Mortgages come in many shapes and sizes. The rate on a 15-year mortgage, for example, is usually less than the rate on a 30-year. The rate a lender offers one customer might be significantly higher than the rate offered to a customer with better credit. Whether you are in the market for your first home loan or are looking to refinance your current loan to take advantage of the still low interest rates, learning how to negotiate your mortgage rate can mean more money in your pocket.
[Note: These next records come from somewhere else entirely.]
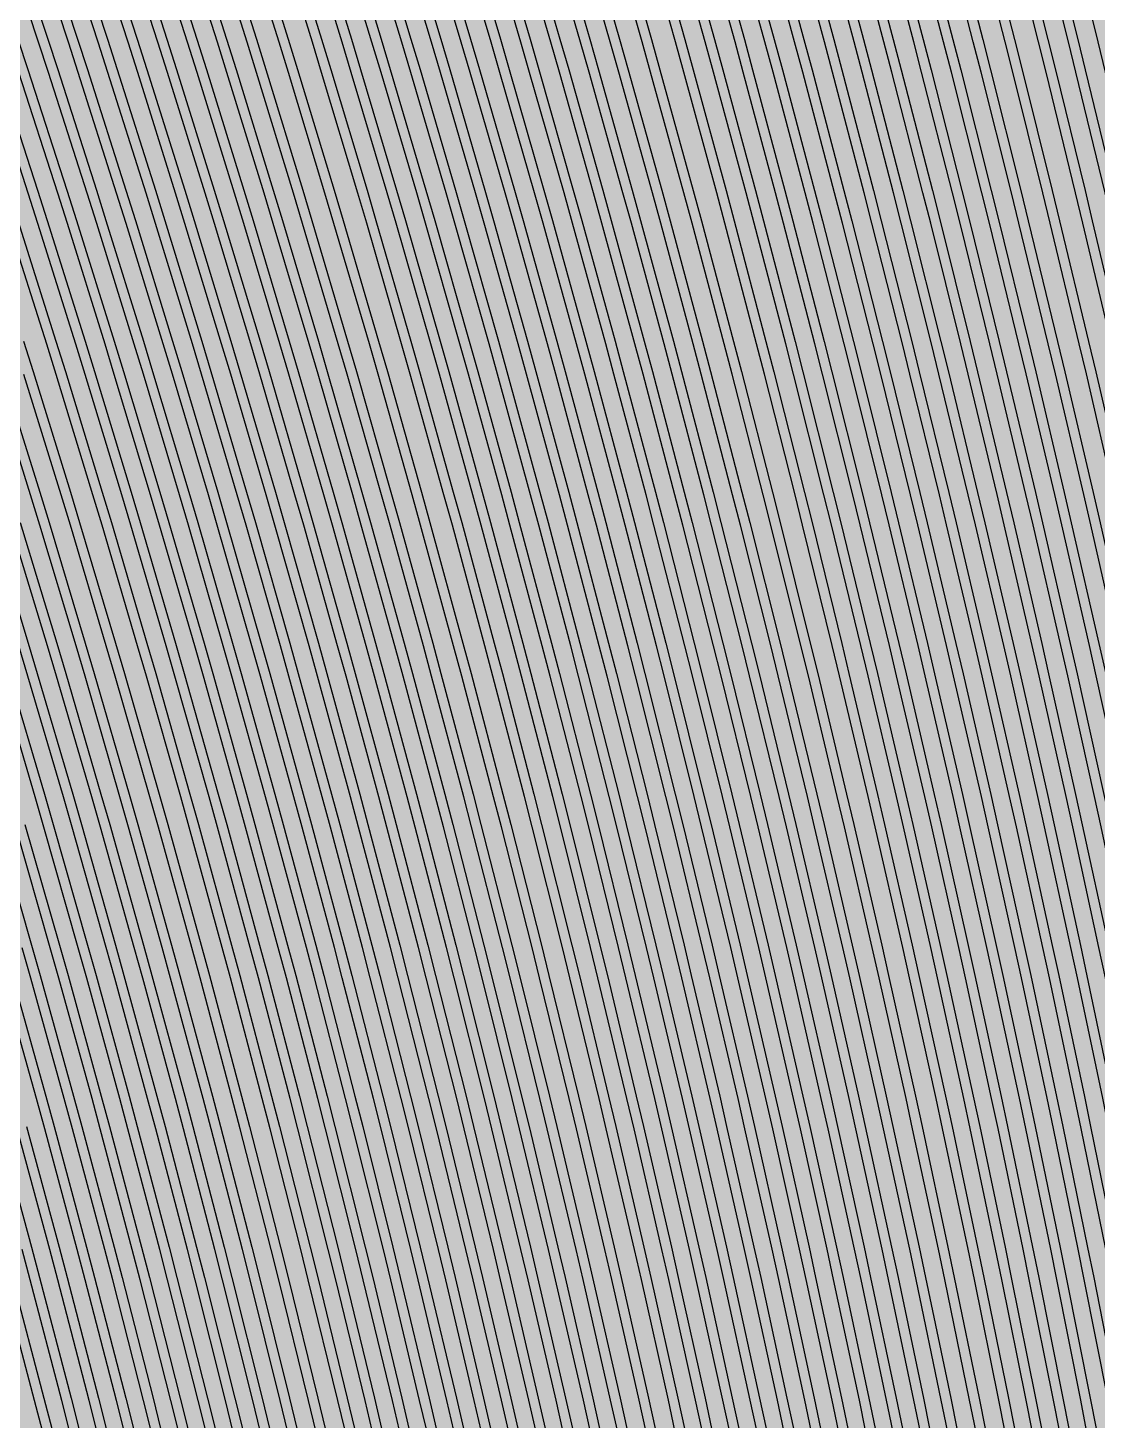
# Model space of a CAD drawing. Header units: metres. Extents: x -7240 to 10960, y -29667 to 1823.
# Drawn here: x 977.2 to 1198.5, y -16833.8 to -16545.6 of the extents above; entities that cross this region are included whole.
import ezdxf

# ---------------------------------------------------------------- set-up
doc = ezdxf.new("R2010")
doc.units = ezdxf.units.M
doc.layers.add('Metal1', color=4, linetype='CONTINUOUS')
doc.layers.add('Polyimide', color=7, linetype='CONTINUOUS')

msp = doc.modelspace()

# ---------------------------------------------------------------- hatches: boundary and pattern name
at = {"layer": 'Polyimide'}
msp.add_hatch(color=7, dxfattribs=at).paths.add_polyline_path([(4088.45, -11806.89), (4098.72, -11851.21), (4115.58, -11893.47), (4138.63, -11932.7), (4167.35, -11967.99), (4201.08, -11998.53), (4239.03, -12023.62), (4280.35, -12042.68), (4349.18, -12073.73), (4413.2, -12113.76), (4471.26, -12162.04), (4522.3, -12217.69), (4565.39, -12279.7), (4599.74, -12346.94), (4624.73, -12418.19), (4639.91, -12492.16), (4645, -12567.5), (4639.91, -12642.84), (4624.73, -12716.8), (4599.74, -12788.06), (4565.39, -12855.3), (4522.3, -12917.31), (4471.26, -12972.96), (4413.2, -13021.24), (4349.18, -13061.27), (4280.35, -13092.32), (4239.03, -13111.38), (4201.08, -13136.47), (4167.35, -13167.01), (4138.63, -13202.3), (4115.58, -13241.52), (4098.72, -13283.78), (4088.45, -13328.11), (4085, -13373.48), (4085, -13567.5), (4099.45, -13861.55), (4142.64, -14152.77), (4214.18, -14438.35), (4313.36, -14715.55), (4439.24, -14981.69), (4590.59, -15234.21), (4765.97, -15470.68), (4963.68, -15688.82), (5181.82, -15886.53), (5418.29, -16061.91), (5670.81, -16213.26), (5936.95, -16339.14), (6214.15, -16438.32), (6499.73, -16509.85), (6790.95, -16553.05), (7085, -16567.5), (9960.38, -16567.5), (10038.79, -16571.35), (10116.45, -16582.87), (10192.6, -16601.95), (10266.52, -16628.4), (10337.49, -16661.96), (10404.83, -16702.32), (10467.89, -16749.09), (10526.06, -16801.81), (10578.78, -16859.98), (10625.55, -16923.04), (10665.91, -16990.38), (10699.48, -17061.35), (10725.93, -17135.27), (10745, -17211.43), (10756.52, -17289.08), (10760.38, -17367.5), (10760.38, -21957.3), (10721.61, -22012.91), (10685.97, -22070.59), (10653.58, -22130.14), (10624.53, -22191.39), (10598.92, -22254.16), (10576.82, -22318.25), (10558.3, -22383.46), (10543.41, -22449.6), (10532.21, -22516.46), (10524.72, -22583.84), (10520.97, -22651.53), (10520.97, -22719.32), (10524.72, -22787.01), (10532.21, -22854.38), (10543.41, -22921.24), (10558.3, -22987.38), (10576.82, -23052.6), (10598.92, -23116.68), (10624.53, -23179.45), (10653.58, -23240.71), (10685.97, -23300.26), (10721.61, -23357.93), (10760.38, -23413.54), (10760.38, -28667.5), (10756.52, -28745.91), (10745, -28823.57), (10725.93, -28899.73), (10699.48, -28973.65), (10665.91, -29044.62), (10625.55, -29111.96), (10578.78, -29175.01), (10526.06, -29233.19), (10467.89, -29285.91), (10404.83, -29332.68), (10337.49, -29373.04), (10266.52, -29406.6), (10192.6, -29433.05), (10116.45, -29452.13), (10038.79, -29463.65), (9960.38, -29467.5), (-6239.63, -29467.5), (-6318.04, -29463.65), (-6395.7, -29452.13), (-6471.85, -29433.05), (-6545.77, -29406.6), (-6616.74, -29373.04), (-6684.08, -29332.68), (-6747.14, -29285.91), (-6805.31, -29233.19), (-6858.03, -29175.01), (-6904.8, -29111.96), (-6945.16, -29044.62), (-6978.73, -28973.65), (-7005.18, -28899.73), (-7024.25, -28823.57), (-7035.77, -28745.91), (-7039.63, -28667.5), (-7039.63, -23426.32), (-6999.36, -23370.07), (-6962.33, -23311.63), (-6928.66, -23251.2), (-6898.45, -23188.96), (-6871.81, -23125.12), (-6848.81, -23059.88), (-6829.53, -22993.44), (-6814.04, -22926.02), (-6802.37, -22857.83), (-6794.57, -22789.09), (-6790.67, -22720.02), (-6790.67, -22650.84), (-6794.57, -22581.77), (-6802.37, -22513.03), (-6814.04, -22444.84), (-6829.53, -22377.42), (-6848.81, -22310.98), (-6871.81, -22245.74), (-6898.45, -22181.89), (-6928.66, -22119.66), (-6962.33, -22059.22), (-6999.36, -22000.79), (-7039.63, -21944.54), (-7039.63, -17367.5), (-7035.77, -17289.08), (-7024.25, -17211.43), (-7005.18, -17135.27), (-6978.73, -17061.35), (-6945.16, -16990.38), (-6904.8, -16923.04), (-6858.03, -16859.98), (-6805.31, -16801.81), (-6747.14, -16749.09), (-6684.08, -16702.32), (-6616.74, -16661.96), (-6545.77, -16628.4), (-6471.85, -16601.95), (-6395.7, -16582.87), (-6318.04, -16571.35), (-6239.63, -16567.5), (-3334, -16567.5), (-3039.95, -16553.05), (-2748.73, -16509.85), (-2463.15, -16438.32), (-2185.95, -16339.14), (-1919.81, -16213.26), (-1667.29, -16061.91), (-1430.82, -15886.53), (-1212.68, -15688.82), (-1014.97, -15470.68), (-839.59, -15234.21), (-688.24, -14981.69), (-562.36, -14715.55), (-463.18, -14438.35), (-391.64, -14152.77), (-348.45, -13861.55), (-334, -13567.5), (-334, -13373.48), (-337.45, -13328.11), (-347.72, -13283.78), (-364.58, -13241.52), (-387.63, -13202.3), (-416.35, -13167.01), (-450.08, -13136.47), (-488.03, -13111.38), (-529.35, -13092.32), (-529.35, -13092.32), (-598.18, -13061.27), (-662.2, -13021.24), (-720.26, -12972.96), (-771.3, -12917.31), (-814.39, -12855.3), (-848.74, -12788.06), (-873.73, -12716.8), (-888.91, -12642.84), (-894, -12567.5), (-888.91, -12492.16), (-873.73, -12418.19), (-848.74, -12346.94), (-814.39, -12279.7), (-771.3, -12217.69), (-720.26, -12162.04), (-662.2, -12113.76), (-598.18, -12073.73), (-529.35, -12042.68), (-488.03, -12023.62), (-450.08, -11998.53), (-416.35, -11967.99), (-387.63, -11932.7), (-364.58, -11893.47), (-347.72, -11851.21), (-337.45, -11806.89), (-334, -11761.52), (-334, -11074.31), (-337.45, -11028.94), (-347.72, -10984.62), (-364.58, -10942.36), (-387.63, -10903.13), (-416.35, -10867.84), (-450.08, -10837.3), (-488.03, -10812.21), (-529.35, -10793.16), (-529.35, -10793.16), (-598.18, -10762.1), (-662.2, -10722.07), (-720.26, -10673.8), (-771.3, -10618.15), (-814.39, -10556.13), (-848.74, -10488.89), (-873.73, -10417.64), (-888.91, -10343.67), (-894, -10268.33), (-888.91, -10192.99), (-873.73, -10119.03), (-848.74, -10047.77), (-814.39, -9980.53), (-771.3, -9918.52), (-720.26, -9862.87), (-662.2, -9814.59), (-598.18, -9774.56), (-529.35, -9743.51), (-488.03, -9724.45), (-450.08, -9699.36), (-416.35, -9668.82), (-387.63, -9633.53), (-364.58, -9594.31), (-347.72, -9552.05), (-337.45, -9507.72), (-334, -9462.35), (-334, -8775.14), (-337.45, -8729.78), (-347.72, -8685.45), (-364.58, -8643.19), (-387.63, -8603.96), (-416.35, -8568.68), (-450.08, -8538.14), (-488.03, -8513.05), (-529.35, -8493.99), (-529.35, -8493.99), (-598.18, -8462.94), (-662.2, -8422.91), (-720.26, -8374.63), (-771.3, -8318.98), (-814.39, -8256.97), (-848.74, -8189.73), (-873.73, -8118.47), (-888.91, -8044.5), (-894, -7969.17), (-888.91, -7893.83), (-873.73, -7819.86), (-848.74, -7748.61), (-814.39, -7681.36), (-771.3, -7619.35), (-720.26, -7563.7), (-662.2, -7515.42), (-598.18, -7475.4), (-529.35, -7444.34), (-529.35, -7444.34), (-488.03, -7425.28), (-450.08, -7400.2), (-416.35, -7369.66), (-387.63, -7334.37), (-364.58, -7295.14), (-347.72, -7252.88), (-337.45, -7208.56), (-334, -7163.19), (-334, -6475.98), (-337.45, -6430.61), (-347.72, -6386.29), (-364.58, -6344.02), (-387.63, -6304.8), (-416.35, -6269.51), (-450.08, -6238.97), (-488.03, -6213.88), (-529.35, -6194.82), (-529.35, -6194.82), (-598.18, -6163.77), (-662.2, -6123.74), (-720.26, -6075.46), (-771.3, -6019.81), (-814.39, -5957.8), (-848.74, -5890.56), (-873.73, -5819.31), (-888.91, -5745.34), (-894, -5670), (-888.91, -5594.66), (-873.73, -5520.69), (-848.74, -5449.44), (-814.39, -5382.2), (-771.3, -5320.19), (-720.26, -5264.54), (-662.2, -5216.26), (-598.18, -5176.23), (-529.35, -5145.18), (-529.35, -5145.18), (-488.03, -5126.12), (-450.08, -5101.03), (-416.35, -5070.49), (-387.63, -5035.2), (-364.58, -4995.98), (-347.72, -4953.71), (-337.45, -4909.39), (-334, -4864.02), (-334, 380), (-334, 1522.5), (-289, 1522.5), (-288.78, 1515.63), (-288.1, 1508.79), (-286.98, 1502.02), (-285.42, 1495.32), (-283.43, 1488.75), (-281.01, 1482.32), (-278.17, 1476.06), (-274.93, 1470), (-271.3, 1464.17), (-267.3, 1458.58), (-262.94, 1453.27), (-258.25, 1448.25), (-253.23, 1443.56), (-247.92, 1439.2), (-242.33, 1435.2), (-236.5, 1431.57), (-230.44, 1428.33), (-224.18, 1425.49), (-217.75, 1423.07), (-211.18, 1421.08), (-204.48, 1419.52), (-197.71, 1418.4), (-190.87, 1417.72), (-184, 1417.5), (-177.13, 1417.72), (-170.29, 1418.4), (-163.52, 1419.52), (-156.82, 1421.08), (-150.25, 1423.07), (-143.82, 1425.49), (-137.56, 1428.33), (-131.5, 1431.57), (-125.67, 1435.2), (-120.08, 1439.2), (-114.77, 1443.56), (-109.75, 1448.25), (-105.06, 1453.27), (-100.7, 1458.58), (-96.7, 1464.17), (-93.07, 1470), (-89.83, 1476.06), (-86.99, 1482.32), (-84.57, 1488.75), (-82.58, 1495.32), (-81.02, 1502.02), (-79.9, 1508.79), (-79.22, 1515.63), (-79, 1522.5), (1786, 1522.5), (3835, 1522.5), (3835.21, 1529.04), (3835.86, 1535.55), (3836.92, 1542.01), (3838.41, 1548.38), (3840.31, 1554.64), (3842.61, 1560.77), (3845.31, 1566.73), (3848.4, 1572.5), (3851.85, 1578.06), (3855.66, 1583.38), (3859.82, 1588.43), (3864.29, 1593.21), (3869.07, 1597.68), (3874.12, 1601.84), (3879.44, 1605.65), (3885, 1609.1), (3890.77, 1612.19), (3896.73, 1614.89), (3902.86, 1617.19), (3909.12, 1619.09), (3915.49, 1620.58), (3921.95, 1621.64), (3928.46, 1622.29), (3935, 1622.5), (3941.54, 1622.29), (3948.05, 1621.64), (3954.51, 1620.58), (3960.88, 1619.09), (3967.14, 1617.19), (3973.27, 1614.89), (3979.23, 1612.19), (3985, 1609.1), (3990.56, 1605.65), (3995.88, 1601.84), (4000.93, 1597.68), (4005.71, 1593.21), (4010.18, 1588.43), (4014.34, 1583.38), (4018.15, 1578.06), (4021.6, 1572.5), (4024.69, 1566.73), (4027.39, 1560.77), (4029.69, 1554.64), (4031.59, 1548.38), (4033.08, 1542.01), (4034.14, 1535.55), (4034.79, 1529.04), (4035, 1522.5), (4085, 1522.5), (4085, 380), (4085, 330), (4085, -4864.02), (4088.45, -4909.39), (4098.72, -4953.71), (4115.58, -4995.98), (4138.63, -5035.2), (4167.35, -5070.49), (4201.08, -5101.03), (4239.03, -5126.12), (4280.35, -5145.18), (4280.35, -5145.18), (4349.18, -5176.23), (4413.2, -5216.26), (4471.26, -5264.54), (4522.3, -5320.19), (4565.39, -5382.2), (4599.74, -5449.44), (4624.73, -5520.69), (4639.91, -5594.66), (4645, -5670), (4639.91, -5745.34), (4624.73, -5819.31), (4599.74, -5890.56), (4565.39, -5957.8), (4522.3, -6019.81), (4471.26, -6075.46), (4413.2, -6123.74), (4349.18, -6163.77), (4280.35, -6194.82), (4239.03, -6213.88), (4201.08, -6238.97), (4167.35, -6269.51), (4138.63, -6304.8), (4115.58, -6344.02), (4098.72, -6386.29), (4088.45, -6430.61), (4085, -6475.98), (4085, -11761.52), (4088.45, -11806.89)])

# ---------------------------------------------------------------- linework, layer by layer
at = {"layer": 'Metal1'}
for points in [[(1059.79, -16835.94), (1058.32, -16829.67), (1052.34, -16804.71), (1050.81, -16798.44), (1044.59, -16773.48), (1042.99, -16767.2), (1036.53, -16742.25), (1034.87, -16735.97), (1028.16, -16711.02), (1026.44, -16704.74), (1019.48, -16679.78), (1017.69, -16673.51), (1010.47, -16648.55), (1008.63, -16642.28), (1001.15, -16617.32), (999.23, -16611.05), (991.5, -16586.09), (989.51, -16579.81), (981.51, -16554.86), (979.46, -16548.58), (971.19, -16523.63)], [(973.08, -16523), (981.36, -16547.96), (983.41, -16554.25), (991.42, -16579.21), (993.4, -16585.5), (1001.15, -16610.46), (1003.06, -16616.75), (1010.54, -16641.71), (1012.39, -16647.99), (1019.61, -16672.96), (1021.4, -16679.24), (1028.37, -16704.21), (1030.09, -16710.49), (1036.81, -16735.46), (1038.46, -16741.74), (1044.93, -16766.71), (1046.53, -16772.99), (1052.75, -16797.96), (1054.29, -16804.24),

The first rule to follow when learning to negotiate your mortgage rate is to shop around. If you only talk to one lender, you have no way of knowing what’s out there and have no way to know if that lender is giving you a good rate on your loan. The rate you are offered and the types of fees you might need to pay will vary based on whether you work directly with a lender or go through a broker. The Federal Trade Commission has prepared a mortgage shopping worksheet that can help you see the differences in the offers you receive at a glance.
Go in prepared
The better your credit, the better the position you’ll be in when it comes to negotiating your mortgage rate. If possible, wait until your credit has improved before applying for a new loan or trying to refinance your current one. Your credit history is just one part of the equation when it comes to working with a lender to get the best rate. Your income and assets also pay a part, as you can use them as leverage and proof that you’re more likely to repay the loan.
If you don’t have a great credit score or a lot of assets, one way to go into a negotiation prepared is to get a number of offers from different lenders. Instead of using your own history and assets as leverage, you’ll be using one lender’s offer to try to get a better deal from another.
When in doubt, ask
Getting a mortgage often involves a number of fees. It’s in your best interest to find out what each fee is and why it’s there. Feel free to ask the lender to break down the various fees for you, so that you have more leverage. In some cases, a lender might bump up a fee so that he or she gets a higher commission. If that’s the case, you most likely have room to negotiate with the lender to get him or her to reduce the cost of the loan.
When applying for a mortgage, the ball is in your court in terms of making sure you get the best rate possible. Don’t be afraid to work with a lender or to ask any questions about fees or rates you’re unsure about. Taking the time to shop around and negotiate can mean significant savings in the long run.